(DATA EXTRACTS)
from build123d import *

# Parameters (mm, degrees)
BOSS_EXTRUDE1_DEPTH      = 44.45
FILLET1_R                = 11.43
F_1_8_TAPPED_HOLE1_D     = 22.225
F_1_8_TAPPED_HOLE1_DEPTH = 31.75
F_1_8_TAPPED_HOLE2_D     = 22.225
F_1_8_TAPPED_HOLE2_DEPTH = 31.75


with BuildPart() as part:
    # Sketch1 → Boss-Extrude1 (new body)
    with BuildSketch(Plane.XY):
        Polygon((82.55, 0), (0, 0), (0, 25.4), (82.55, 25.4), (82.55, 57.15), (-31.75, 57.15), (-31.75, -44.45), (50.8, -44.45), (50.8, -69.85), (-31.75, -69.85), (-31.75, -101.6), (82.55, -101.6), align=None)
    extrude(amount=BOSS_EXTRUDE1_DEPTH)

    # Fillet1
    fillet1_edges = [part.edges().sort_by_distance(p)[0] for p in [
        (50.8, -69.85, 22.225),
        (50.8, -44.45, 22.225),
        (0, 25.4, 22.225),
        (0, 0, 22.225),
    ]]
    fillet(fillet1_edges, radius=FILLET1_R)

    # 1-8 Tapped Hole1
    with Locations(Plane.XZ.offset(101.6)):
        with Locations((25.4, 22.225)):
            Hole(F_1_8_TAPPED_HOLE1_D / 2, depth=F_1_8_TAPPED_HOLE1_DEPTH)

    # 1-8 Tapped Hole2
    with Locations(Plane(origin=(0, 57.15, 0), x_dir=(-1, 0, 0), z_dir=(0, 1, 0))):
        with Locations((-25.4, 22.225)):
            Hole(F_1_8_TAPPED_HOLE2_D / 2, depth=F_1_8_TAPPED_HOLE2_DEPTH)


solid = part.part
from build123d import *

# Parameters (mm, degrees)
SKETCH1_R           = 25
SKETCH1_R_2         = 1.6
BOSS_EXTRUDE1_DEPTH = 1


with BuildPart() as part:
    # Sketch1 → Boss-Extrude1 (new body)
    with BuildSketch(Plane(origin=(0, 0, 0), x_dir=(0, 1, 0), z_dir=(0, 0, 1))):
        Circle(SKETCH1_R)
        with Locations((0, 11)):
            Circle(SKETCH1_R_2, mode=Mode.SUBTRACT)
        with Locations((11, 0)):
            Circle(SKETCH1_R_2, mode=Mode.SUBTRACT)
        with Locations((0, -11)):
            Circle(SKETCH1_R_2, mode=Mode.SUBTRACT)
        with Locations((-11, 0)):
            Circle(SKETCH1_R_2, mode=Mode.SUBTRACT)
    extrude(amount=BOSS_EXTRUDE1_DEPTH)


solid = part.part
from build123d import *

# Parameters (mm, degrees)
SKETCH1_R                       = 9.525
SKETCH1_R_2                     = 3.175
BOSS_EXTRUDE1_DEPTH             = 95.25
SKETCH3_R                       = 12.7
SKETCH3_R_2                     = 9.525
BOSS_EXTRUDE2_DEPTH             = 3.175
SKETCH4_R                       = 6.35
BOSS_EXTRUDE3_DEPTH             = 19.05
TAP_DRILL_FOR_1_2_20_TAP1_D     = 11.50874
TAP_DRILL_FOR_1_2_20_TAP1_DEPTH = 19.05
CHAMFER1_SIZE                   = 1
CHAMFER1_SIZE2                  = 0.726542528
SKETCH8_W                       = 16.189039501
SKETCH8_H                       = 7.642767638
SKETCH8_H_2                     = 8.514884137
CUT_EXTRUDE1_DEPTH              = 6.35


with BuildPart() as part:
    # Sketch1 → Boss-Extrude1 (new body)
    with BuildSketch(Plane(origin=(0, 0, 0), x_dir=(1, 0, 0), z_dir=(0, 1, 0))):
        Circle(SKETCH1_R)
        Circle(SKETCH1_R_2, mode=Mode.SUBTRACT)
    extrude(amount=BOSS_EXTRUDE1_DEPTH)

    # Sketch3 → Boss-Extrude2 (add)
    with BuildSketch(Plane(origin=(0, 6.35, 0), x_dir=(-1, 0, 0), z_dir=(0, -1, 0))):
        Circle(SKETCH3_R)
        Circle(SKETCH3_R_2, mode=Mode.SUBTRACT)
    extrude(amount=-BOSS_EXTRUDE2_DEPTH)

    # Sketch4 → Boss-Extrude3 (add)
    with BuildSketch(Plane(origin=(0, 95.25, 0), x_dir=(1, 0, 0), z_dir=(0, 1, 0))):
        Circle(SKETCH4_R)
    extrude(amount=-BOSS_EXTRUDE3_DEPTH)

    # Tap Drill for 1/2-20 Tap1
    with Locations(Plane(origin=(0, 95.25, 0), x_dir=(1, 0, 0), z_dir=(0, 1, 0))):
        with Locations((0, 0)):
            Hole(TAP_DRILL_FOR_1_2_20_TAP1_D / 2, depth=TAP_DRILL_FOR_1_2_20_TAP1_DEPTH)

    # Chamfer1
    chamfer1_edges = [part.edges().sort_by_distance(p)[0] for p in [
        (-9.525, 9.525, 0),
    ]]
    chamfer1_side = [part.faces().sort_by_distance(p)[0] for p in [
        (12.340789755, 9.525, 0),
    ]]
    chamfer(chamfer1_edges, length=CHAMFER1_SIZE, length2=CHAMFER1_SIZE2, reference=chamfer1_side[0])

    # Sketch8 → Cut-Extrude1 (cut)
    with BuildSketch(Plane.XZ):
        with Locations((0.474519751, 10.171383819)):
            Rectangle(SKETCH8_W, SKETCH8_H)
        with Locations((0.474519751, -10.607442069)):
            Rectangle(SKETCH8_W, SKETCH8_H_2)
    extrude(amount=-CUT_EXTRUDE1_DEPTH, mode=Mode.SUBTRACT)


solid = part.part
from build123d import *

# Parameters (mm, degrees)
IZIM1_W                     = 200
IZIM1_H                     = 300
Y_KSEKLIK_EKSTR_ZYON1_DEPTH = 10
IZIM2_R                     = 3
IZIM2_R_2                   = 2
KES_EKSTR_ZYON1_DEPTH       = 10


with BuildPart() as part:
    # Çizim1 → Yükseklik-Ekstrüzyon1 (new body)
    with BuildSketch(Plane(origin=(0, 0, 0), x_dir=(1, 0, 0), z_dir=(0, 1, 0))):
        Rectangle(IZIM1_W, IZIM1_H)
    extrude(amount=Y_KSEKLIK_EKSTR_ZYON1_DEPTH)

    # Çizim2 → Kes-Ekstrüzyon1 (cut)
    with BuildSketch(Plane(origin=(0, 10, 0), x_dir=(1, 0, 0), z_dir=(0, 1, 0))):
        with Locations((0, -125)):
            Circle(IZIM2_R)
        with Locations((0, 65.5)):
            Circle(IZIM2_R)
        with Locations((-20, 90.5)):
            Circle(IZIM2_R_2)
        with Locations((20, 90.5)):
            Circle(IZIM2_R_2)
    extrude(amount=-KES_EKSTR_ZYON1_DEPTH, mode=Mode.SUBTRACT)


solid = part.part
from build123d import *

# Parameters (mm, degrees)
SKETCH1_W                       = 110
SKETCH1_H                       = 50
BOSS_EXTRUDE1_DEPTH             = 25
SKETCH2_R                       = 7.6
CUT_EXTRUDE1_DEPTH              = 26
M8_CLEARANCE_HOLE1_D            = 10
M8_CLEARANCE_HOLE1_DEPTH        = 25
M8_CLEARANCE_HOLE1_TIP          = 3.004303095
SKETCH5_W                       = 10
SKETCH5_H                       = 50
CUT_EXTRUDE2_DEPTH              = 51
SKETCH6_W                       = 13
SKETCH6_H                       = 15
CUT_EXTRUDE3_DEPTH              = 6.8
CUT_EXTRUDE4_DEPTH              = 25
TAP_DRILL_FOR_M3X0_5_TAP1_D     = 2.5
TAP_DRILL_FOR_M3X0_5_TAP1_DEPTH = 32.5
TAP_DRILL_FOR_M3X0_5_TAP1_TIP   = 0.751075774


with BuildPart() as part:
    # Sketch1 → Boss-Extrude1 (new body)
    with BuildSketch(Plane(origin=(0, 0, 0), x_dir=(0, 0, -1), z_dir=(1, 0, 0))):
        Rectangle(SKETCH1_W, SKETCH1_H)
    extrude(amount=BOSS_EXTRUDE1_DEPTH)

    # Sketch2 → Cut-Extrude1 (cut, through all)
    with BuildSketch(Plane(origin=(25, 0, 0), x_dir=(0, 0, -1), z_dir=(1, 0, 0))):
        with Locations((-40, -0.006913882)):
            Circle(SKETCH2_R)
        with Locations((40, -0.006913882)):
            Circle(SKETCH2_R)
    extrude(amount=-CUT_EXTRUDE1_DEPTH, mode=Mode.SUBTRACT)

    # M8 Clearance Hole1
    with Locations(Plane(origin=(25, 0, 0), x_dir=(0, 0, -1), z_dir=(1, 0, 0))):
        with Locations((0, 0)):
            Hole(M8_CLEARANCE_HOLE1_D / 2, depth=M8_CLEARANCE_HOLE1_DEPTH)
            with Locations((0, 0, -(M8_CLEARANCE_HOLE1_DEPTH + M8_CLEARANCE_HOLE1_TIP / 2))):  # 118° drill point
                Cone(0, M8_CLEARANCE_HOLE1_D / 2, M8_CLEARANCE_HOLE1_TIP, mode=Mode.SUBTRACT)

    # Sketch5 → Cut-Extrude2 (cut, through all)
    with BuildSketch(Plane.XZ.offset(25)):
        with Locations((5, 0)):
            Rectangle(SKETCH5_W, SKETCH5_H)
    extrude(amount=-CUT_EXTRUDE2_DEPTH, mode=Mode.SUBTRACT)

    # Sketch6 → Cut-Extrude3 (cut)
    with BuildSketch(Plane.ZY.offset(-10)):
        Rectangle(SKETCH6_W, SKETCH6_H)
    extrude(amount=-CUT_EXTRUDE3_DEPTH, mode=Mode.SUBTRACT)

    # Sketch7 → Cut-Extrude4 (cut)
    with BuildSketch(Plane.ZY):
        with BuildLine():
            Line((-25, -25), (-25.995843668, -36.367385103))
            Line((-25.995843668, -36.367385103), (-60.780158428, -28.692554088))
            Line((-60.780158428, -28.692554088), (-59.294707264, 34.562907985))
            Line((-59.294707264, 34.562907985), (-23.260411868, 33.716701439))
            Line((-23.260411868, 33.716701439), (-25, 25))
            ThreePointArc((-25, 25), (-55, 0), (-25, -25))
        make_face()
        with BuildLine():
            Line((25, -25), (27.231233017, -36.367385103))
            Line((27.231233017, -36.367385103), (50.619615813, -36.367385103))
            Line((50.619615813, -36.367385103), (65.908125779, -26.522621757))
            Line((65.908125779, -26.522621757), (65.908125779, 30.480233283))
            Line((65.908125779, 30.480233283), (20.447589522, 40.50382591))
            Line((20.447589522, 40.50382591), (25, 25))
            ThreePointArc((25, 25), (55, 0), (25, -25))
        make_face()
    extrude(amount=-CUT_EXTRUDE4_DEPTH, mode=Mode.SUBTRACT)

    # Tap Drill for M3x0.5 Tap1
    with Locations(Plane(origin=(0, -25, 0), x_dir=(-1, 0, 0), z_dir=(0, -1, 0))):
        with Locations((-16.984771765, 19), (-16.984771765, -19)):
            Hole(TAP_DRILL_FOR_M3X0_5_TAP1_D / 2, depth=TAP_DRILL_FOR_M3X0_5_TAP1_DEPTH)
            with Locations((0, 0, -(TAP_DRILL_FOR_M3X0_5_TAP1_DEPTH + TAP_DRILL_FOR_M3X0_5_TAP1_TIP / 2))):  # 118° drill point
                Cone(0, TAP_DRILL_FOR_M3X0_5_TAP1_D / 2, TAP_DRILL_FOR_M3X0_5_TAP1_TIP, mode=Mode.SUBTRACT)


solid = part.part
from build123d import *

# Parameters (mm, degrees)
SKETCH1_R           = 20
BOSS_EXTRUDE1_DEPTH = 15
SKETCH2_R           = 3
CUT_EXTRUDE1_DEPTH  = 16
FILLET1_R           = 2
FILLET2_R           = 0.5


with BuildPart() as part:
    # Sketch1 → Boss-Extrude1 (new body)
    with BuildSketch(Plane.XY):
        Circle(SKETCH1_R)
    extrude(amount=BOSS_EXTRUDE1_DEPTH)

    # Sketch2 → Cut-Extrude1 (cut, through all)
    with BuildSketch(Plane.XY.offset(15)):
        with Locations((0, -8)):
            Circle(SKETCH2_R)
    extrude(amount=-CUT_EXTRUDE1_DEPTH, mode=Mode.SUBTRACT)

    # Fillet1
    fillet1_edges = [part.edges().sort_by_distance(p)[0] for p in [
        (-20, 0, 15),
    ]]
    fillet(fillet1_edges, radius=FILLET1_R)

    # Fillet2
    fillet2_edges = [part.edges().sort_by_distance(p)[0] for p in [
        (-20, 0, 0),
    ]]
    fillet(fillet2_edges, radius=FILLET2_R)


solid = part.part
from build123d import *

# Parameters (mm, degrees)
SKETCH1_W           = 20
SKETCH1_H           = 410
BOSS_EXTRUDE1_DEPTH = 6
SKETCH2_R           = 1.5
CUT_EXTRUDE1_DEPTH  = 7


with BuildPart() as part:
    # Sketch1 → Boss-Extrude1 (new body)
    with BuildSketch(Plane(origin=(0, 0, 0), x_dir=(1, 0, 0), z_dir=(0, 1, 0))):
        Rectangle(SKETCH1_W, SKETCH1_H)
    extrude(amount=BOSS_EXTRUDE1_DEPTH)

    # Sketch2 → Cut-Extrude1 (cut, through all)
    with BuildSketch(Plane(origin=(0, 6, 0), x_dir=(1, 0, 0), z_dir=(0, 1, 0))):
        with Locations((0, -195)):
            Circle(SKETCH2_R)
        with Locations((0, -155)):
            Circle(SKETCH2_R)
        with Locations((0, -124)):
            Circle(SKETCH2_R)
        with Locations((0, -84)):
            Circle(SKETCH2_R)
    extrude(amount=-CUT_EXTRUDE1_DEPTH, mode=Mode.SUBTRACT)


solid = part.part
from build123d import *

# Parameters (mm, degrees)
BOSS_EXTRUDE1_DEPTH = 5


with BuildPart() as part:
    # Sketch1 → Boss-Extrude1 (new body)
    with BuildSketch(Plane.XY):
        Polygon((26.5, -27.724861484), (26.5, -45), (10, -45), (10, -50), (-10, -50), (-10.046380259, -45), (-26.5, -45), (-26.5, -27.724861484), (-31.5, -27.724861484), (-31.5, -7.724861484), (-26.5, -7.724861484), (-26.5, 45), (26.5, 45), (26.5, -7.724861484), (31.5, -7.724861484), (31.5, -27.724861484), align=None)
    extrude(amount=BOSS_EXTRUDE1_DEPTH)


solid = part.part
(End DATA EXTRACTS)
* _WHAT TO DO_
Tally the lines of the listing that hold the string "Cone", then reply with that number alone.

* _RESULT OF THE TASK_
2